» EXERCISE AIM
This exercise calls for every line of the data below with the string "opérationnel" in it.

» SOURCE DATA
━━━━━━━━

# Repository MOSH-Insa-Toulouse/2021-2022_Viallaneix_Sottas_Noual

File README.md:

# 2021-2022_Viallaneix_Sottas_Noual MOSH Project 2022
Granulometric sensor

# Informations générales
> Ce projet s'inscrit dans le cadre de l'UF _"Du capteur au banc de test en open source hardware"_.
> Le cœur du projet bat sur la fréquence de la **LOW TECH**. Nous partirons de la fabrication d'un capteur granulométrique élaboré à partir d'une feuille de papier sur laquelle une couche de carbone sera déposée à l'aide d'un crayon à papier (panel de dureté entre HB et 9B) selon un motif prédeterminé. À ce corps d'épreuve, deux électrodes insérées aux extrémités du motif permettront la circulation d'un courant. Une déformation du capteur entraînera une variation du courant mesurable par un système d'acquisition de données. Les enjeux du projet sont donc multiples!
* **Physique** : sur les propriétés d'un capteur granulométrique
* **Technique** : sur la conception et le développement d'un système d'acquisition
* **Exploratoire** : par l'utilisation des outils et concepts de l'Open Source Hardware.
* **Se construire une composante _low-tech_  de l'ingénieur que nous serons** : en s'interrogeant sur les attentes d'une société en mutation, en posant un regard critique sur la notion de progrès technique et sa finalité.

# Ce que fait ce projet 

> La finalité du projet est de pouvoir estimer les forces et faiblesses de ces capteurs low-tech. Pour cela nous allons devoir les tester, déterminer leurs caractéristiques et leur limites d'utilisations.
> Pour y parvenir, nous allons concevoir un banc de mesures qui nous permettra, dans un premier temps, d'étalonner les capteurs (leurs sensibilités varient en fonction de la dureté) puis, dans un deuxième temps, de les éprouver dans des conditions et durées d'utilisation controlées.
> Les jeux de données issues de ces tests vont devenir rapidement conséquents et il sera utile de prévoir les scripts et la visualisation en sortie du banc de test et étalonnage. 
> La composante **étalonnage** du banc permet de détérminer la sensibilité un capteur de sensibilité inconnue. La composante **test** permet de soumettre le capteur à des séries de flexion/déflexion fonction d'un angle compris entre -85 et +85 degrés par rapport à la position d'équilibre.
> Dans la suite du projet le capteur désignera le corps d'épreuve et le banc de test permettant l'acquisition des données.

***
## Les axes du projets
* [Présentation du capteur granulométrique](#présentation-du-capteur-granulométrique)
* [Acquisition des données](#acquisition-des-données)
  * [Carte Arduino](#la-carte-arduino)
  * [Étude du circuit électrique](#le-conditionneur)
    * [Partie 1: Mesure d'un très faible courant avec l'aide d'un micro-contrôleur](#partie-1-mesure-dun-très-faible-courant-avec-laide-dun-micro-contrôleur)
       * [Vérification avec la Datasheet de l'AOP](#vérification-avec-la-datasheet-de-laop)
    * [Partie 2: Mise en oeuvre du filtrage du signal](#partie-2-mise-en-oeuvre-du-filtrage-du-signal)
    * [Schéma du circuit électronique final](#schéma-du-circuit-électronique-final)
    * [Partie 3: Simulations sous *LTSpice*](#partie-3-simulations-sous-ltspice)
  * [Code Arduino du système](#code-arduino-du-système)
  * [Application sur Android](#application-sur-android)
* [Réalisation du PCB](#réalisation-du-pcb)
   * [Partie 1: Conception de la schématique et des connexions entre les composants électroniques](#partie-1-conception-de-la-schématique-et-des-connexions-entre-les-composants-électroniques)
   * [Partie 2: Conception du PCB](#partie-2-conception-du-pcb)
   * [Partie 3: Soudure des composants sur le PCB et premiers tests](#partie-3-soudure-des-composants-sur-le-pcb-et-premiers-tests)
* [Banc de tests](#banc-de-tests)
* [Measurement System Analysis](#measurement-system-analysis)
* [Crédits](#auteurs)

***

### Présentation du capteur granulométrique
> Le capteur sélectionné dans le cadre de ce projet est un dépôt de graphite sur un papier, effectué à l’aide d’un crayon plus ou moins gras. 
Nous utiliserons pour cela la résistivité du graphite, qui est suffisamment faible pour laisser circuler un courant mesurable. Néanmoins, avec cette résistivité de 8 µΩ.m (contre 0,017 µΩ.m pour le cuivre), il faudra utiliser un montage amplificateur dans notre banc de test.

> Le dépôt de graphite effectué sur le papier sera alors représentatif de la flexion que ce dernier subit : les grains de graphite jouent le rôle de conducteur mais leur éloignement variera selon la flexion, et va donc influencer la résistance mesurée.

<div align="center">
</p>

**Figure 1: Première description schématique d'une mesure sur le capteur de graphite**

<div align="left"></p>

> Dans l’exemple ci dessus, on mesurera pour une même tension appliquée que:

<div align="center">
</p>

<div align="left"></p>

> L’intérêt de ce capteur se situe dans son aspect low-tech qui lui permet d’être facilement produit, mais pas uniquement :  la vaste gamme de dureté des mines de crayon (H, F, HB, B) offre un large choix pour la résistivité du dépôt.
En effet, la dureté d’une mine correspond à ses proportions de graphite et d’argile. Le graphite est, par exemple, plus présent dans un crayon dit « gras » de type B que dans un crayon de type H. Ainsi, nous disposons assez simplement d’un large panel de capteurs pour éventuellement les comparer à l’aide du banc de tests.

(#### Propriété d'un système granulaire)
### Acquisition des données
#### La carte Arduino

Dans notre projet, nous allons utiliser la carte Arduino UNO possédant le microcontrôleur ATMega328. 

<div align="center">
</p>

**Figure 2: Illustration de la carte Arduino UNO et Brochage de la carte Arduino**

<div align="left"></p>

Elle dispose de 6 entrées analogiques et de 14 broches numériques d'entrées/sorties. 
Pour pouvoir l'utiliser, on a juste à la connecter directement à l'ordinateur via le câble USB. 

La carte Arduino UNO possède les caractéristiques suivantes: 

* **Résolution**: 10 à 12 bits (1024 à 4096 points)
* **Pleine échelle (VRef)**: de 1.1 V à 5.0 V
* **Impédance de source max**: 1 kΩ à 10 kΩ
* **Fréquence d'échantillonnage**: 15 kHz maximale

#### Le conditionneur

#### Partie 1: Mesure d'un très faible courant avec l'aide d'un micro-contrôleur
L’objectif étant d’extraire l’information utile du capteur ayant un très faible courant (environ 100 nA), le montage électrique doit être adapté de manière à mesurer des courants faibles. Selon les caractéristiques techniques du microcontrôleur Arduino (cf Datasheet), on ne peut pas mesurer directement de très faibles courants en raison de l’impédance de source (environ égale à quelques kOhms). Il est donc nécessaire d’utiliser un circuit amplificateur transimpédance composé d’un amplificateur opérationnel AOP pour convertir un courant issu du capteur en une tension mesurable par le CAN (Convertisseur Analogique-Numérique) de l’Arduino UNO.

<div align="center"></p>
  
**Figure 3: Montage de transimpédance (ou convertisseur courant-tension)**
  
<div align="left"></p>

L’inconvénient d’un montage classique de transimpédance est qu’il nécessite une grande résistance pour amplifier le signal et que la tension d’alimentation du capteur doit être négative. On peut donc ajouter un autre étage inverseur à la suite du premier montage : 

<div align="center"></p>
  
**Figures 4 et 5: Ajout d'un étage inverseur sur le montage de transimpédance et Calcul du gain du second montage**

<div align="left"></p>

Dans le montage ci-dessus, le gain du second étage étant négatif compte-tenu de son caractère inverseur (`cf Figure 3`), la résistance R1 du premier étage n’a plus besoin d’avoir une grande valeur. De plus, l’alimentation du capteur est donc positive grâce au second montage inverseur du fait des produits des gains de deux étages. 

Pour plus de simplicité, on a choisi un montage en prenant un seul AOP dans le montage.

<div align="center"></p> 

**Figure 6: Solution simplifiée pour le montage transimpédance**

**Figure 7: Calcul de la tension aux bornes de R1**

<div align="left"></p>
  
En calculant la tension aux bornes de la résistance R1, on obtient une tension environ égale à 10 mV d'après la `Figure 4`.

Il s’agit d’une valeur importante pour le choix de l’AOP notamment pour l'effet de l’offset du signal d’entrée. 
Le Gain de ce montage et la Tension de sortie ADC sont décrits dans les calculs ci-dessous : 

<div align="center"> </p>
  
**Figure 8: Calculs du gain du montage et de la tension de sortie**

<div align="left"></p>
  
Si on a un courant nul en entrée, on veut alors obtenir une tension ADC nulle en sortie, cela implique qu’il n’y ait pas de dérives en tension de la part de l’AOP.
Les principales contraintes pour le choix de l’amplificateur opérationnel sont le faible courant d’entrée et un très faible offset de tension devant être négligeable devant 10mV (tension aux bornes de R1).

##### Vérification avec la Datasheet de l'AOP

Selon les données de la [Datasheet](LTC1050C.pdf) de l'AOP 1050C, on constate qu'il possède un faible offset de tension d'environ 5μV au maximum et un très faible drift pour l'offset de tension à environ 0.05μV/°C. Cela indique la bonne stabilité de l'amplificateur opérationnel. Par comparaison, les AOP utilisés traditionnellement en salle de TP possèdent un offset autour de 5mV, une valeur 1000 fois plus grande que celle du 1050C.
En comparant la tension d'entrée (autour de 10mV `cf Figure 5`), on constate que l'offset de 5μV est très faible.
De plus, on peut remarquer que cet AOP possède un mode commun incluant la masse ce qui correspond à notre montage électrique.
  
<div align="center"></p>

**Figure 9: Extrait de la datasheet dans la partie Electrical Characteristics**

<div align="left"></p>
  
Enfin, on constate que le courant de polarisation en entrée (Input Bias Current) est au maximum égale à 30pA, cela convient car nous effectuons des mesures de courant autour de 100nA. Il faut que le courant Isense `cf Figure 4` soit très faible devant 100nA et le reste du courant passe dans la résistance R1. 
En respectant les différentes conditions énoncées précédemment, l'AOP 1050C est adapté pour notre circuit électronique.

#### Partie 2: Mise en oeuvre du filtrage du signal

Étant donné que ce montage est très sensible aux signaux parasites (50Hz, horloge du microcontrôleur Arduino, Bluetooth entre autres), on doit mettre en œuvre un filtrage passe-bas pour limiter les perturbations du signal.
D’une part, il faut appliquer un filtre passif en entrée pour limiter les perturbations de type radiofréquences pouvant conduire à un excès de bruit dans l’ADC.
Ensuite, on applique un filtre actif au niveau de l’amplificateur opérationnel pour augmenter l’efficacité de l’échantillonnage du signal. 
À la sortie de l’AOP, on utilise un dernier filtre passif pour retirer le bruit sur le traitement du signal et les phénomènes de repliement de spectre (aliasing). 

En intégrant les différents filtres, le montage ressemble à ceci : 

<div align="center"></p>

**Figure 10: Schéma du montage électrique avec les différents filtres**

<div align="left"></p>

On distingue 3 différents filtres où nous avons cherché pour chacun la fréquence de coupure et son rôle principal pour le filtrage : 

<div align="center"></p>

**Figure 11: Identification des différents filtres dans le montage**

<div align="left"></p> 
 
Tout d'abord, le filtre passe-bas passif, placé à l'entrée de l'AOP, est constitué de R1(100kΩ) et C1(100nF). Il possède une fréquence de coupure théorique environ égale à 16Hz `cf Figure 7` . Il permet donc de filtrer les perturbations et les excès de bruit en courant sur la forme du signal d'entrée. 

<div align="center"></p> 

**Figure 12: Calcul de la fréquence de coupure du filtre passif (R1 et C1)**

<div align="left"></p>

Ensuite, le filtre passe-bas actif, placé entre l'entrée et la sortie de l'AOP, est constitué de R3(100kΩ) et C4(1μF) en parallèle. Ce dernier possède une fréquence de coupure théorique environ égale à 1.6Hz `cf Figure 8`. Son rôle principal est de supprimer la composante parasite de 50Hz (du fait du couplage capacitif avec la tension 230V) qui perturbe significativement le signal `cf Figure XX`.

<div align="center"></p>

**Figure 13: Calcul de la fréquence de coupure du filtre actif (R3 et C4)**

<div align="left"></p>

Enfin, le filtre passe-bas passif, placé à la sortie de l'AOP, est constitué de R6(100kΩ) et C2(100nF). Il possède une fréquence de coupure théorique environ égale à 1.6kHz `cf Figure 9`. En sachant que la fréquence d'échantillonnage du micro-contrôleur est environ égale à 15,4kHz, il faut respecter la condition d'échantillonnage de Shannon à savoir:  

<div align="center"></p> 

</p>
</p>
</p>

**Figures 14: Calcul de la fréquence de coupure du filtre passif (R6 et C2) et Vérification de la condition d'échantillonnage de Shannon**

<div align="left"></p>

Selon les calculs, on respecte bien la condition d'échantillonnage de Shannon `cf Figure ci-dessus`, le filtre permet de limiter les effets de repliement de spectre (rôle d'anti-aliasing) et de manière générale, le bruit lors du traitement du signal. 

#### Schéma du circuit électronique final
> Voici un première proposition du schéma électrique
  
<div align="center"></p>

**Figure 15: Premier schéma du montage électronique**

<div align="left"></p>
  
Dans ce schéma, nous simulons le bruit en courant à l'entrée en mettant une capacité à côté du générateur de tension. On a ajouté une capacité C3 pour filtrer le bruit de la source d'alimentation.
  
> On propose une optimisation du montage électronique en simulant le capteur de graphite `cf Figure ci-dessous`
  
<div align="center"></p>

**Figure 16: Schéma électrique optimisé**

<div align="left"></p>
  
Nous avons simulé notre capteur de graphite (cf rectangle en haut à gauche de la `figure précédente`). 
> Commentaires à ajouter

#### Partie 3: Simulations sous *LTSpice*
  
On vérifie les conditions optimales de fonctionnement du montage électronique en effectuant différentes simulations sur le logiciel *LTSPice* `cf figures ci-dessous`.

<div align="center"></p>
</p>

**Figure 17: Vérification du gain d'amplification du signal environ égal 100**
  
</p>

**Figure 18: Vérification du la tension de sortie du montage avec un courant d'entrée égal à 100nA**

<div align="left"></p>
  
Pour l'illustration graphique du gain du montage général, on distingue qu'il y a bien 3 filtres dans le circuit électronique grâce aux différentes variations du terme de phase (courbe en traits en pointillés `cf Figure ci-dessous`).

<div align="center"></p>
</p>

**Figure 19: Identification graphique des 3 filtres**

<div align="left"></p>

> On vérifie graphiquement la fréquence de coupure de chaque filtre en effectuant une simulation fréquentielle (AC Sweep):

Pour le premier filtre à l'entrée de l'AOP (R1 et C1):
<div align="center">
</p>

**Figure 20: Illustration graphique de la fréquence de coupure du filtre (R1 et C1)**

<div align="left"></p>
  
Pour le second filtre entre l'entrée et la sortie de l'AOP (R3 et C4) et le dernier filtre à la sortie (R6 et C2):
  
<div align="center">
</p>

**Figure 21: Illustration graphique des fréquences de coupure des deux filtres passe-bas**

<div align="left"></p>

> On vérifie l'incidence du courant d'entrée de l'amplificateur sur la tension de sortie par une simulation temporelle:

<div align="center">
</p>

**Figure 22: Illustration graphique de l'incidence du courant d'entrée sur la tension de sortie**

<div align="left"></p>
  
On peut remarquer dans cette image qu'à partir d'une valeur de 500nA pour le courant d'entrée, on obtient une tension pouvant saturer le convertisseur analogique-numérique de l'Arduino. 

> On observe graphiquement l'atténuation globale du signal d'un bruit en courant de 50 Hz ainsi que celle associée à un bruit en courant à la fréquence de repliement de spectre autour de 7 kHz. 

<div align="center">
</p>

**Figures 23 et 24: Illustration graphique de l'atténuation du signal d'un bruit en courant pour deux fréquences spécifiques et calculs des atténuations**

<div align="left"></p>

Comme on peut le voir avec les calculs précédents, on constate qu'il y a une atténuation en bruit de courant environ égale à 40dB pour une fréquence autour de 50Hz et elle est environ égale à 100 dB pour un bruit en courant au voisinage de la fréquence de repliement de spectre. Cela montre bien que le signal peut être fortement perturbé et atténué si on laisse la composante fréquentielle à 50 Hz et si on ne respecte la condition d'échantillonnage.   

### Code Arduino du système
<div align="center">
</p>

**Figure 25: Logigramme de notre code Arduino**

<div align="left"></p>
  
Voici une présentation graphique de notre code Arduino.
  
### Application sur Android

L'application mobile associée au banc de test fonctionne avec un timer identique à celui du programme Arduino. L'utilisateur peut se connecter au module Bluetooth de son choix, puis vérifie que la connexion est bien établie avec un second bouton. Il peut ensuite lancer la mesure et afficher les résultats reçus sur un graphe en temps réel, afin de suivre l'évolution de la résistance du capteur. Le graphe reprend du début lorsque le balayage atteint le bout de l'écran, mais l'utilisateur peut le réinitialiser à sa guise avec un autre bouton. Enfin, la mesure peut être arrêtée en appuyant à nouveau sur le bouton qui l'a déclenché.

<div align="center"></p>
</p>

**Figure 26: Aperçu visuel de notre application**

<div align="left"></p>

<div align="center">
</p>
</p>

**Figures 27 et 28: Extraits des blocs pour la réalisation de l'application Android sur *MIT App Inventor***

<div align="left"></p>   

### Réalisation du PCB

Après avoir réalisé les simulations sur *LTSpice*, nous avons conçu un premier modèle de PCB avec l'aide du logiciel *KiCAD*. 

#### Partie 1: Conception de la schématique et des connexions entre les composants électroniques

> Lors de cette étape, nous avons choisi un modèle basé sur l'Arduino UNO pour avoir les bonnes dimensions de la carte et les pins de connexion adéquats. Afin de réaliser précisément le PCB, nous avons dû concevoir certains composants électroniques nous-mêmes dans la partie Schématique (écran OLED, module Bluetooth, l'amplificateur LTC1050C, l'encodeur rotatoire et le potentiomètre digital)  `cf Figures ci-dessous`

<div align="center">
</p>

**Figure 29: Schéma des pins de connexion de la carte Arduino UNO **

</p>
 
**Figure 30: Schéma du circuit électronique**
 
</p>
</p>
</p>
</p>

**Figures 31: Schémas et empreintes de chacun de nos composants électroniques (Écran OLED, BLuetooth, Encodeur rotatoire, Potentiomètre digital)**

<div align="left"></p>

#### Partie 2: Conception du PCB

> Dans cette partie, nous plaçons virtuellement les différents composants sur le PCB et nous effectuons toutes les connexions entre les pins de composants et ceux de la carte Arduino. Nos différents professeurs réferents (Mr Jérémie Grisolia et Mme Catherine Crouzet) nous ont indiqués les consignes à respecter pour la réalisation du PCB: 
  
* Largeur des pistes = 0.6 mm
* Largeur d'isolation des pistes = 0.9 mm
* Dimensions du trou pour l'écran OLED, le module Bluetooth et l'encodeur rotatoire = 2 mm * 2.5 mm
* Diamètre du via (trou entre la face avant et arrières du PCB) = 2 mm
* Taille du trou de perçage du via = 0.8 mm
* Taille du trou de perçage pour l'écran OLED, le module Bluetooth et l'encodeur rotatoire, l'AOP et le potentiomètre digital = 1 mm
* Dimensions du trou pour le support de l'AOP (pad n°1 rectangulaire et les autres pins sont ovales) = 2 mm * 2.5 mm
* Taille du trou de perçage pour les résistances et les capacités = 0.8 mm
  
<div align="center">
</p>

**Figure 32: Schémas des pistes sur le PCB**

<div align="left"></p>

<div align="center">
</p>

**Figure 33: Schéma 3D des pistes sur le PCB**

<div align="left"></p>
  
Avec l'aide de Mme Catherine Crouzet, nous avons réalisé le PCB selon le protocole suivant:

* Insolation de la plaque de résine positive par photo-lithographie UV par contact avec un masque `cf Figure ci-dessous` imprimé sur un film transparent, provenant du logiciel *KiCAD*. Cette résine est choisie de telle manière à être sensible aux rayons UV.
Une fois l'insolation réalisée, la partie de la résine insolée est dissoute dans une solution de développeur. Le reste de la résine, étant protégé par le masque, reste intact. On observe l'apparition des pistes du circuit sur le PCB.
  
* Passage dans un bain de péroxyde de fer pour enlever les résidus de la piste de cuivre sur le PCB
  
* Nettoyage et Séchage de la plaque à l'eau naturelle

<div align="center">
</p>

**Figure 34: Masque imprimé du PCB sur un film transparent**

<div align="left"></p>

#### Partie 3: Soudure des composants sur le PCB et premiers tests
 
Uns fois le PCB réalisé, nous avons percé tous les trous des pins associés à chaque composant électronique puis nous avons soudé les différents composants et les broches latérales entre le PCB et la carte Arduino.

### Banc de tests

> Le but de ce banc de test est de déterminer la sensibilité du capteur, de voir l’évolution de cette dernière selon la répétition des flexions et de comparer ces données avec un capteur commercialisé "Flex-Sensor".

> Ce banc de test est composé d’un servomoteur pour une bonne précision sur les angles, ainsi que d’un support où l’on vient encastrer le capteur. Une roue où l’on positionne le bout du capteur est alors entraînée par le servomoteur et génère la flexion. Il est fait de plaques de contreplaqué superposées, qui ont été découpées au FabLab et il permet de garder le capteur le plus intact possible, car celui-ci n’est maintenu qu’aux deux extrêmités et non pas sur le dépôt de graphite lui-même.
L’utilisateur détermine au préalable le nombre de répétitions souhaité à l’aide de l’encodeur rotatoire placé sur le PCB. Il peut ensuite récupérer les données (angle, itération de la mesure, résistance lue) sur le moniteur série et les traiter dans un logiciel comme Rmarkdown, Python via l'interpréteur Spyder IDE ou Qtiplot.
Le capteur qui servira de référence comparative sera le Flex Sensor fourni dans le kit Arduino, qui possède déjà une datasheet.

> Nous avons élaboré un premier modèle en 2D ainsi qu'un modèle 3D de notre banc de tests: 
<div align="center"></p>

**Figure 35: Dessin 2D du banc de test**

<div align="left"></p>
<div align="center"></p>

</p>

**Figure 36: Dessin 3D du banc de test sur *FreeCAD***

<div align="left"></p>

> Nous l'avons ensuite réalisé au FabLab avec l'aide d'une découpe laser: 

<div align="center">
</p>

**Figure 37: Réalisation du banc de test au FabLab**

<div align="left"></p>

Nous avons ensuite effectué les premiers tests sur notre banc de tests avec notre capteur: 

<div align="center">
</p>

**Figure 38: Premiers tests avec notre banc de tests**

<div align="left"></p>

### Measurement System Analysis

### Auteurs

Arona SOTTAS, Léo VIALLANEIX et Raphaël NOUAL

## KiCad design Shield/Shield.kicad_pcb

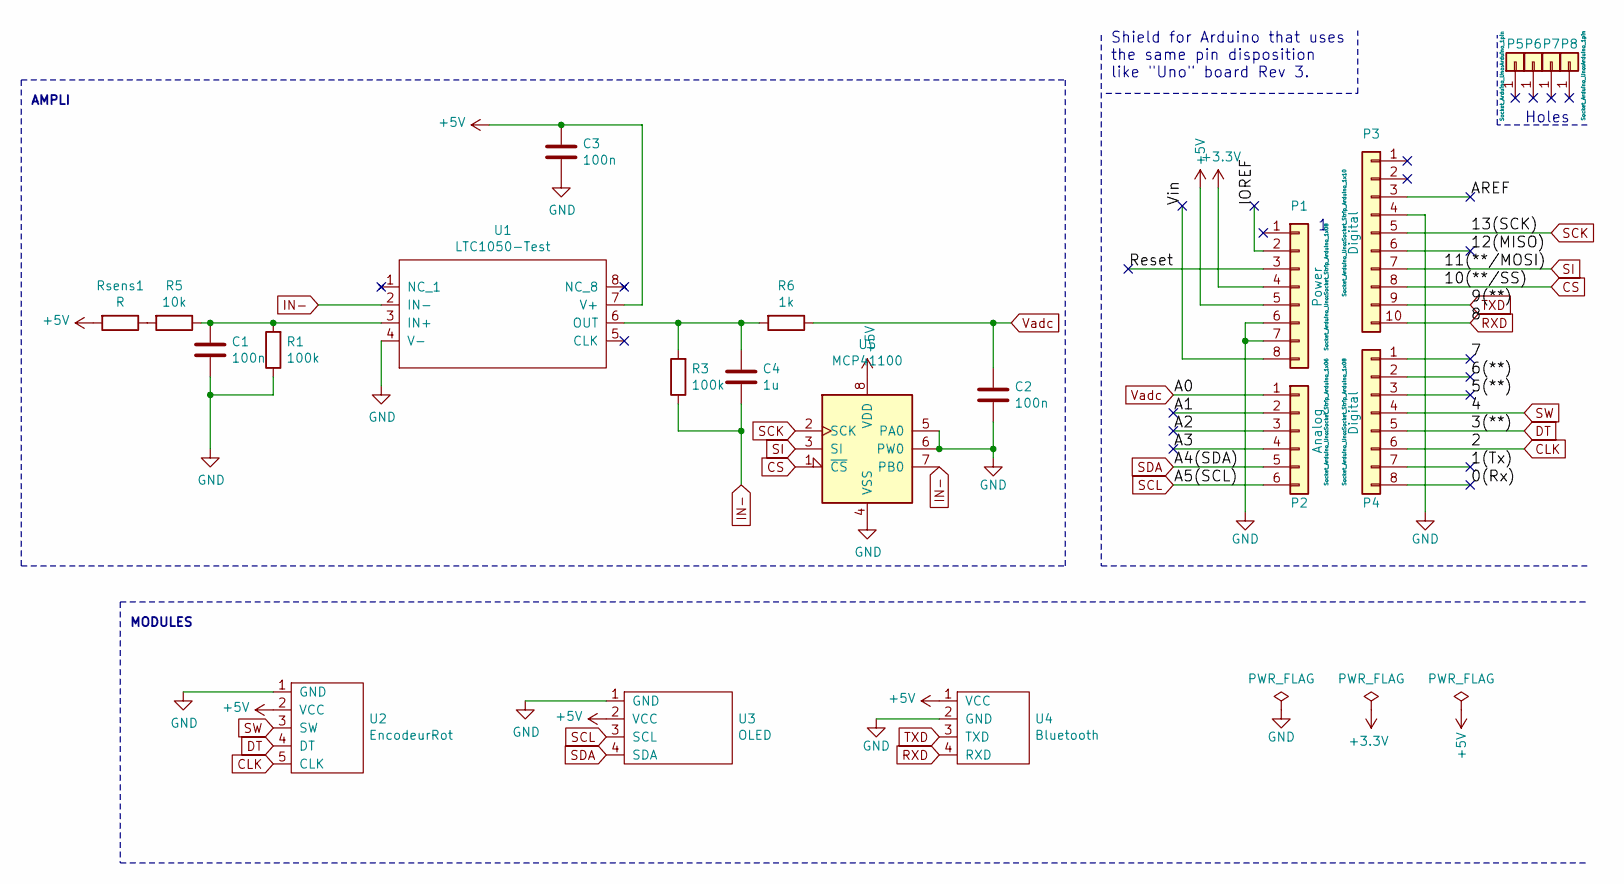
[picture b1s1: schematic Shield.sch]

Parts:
C1, C2, C3: 100n; C_Disc_D3.0mm_W1.6mm_P2.50mm
C4: 1u; C_Rect_L7.0mm_W4.5mm_P5.00mm
P1: Power; Socket_Strip_Arduino_1x08
P2: Analog; Socket_Strip_Arduino_1x06
P3: Digital; Socket_Strip_Arduino_1x10
P4: Digital; Socket_Strip_Arduino_1x08
P5, P6, P7, P8: CONN_01X01; Arduino_1pin
R1, R3: 100k; R_Axial_DIN0207_L6.3mm_D2.5mm_P10.16mm_Horizontal
R5: 10k; R_Axial_DIN0207_L6.3mm_D2.5mm_P10.16mm_Horizontal
R6: 1k; R_Axial_DIN0204_L3.6mm_D1.6mm_P7.62mm_Horizontal
Rsens1: R; Sensor
U1: LTC1050-Test; LTC1050
U2: EncodeurRot
U3: OLED
U4: Bluetooth
U5: MCP41100

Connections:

━━━━━━━━

» RESPONSE AREA
L’objectif étant d’extraire l’information utile du capteur ayant un très faible courant (environ 100 nA), le montage électrique doit être adapté de manière à mesurer des courants faibles. Selon les caractéristiques techniques du microcontrôleur Arduino (cf Datasheet), on ne peut pas mesurer directement de très faibles courants en raison de l’impédance de source (environ égale à quelques kOhms). Il est donc nécessaire d’utiliser un circuit amplificateur transimpédance composé d’un amplificateur opérationnel AOP pour convertir un courant issu du capteur en une tension mesurable par le CAN (Convertisseur Analogique-Numérique) de l’Arduino UNO.
Les principales contraintes pour le choix de l’amplificateur opérationnel sont le faible courant d’entrée et un très faible offset de tension devant être négligeable devant 10mV (tension aux bornes de R1).
Selon les données de la [Datasheet](LTC1050C.pdf) de l'AOP 1050C, on constate qu'il possède un faible offset de tension d'environ 5μV au maximum et un très faible drift pour l'offset de tension à environ 0.05μV/°C. Cela indique la bonne stabilité de l'amplificateur opérationnel. Par comparaison, les AOP utilisés traditionnellement en salle de TP possèdent un offset autour de 5mV, une valeur 1000 fois plus grande que celle du 1050C.
Ensuite, on applique un filtre actif au niveau de l’amplificateur opérationnel pour augmenter l’efficacité de l’échantillonnage du signal. 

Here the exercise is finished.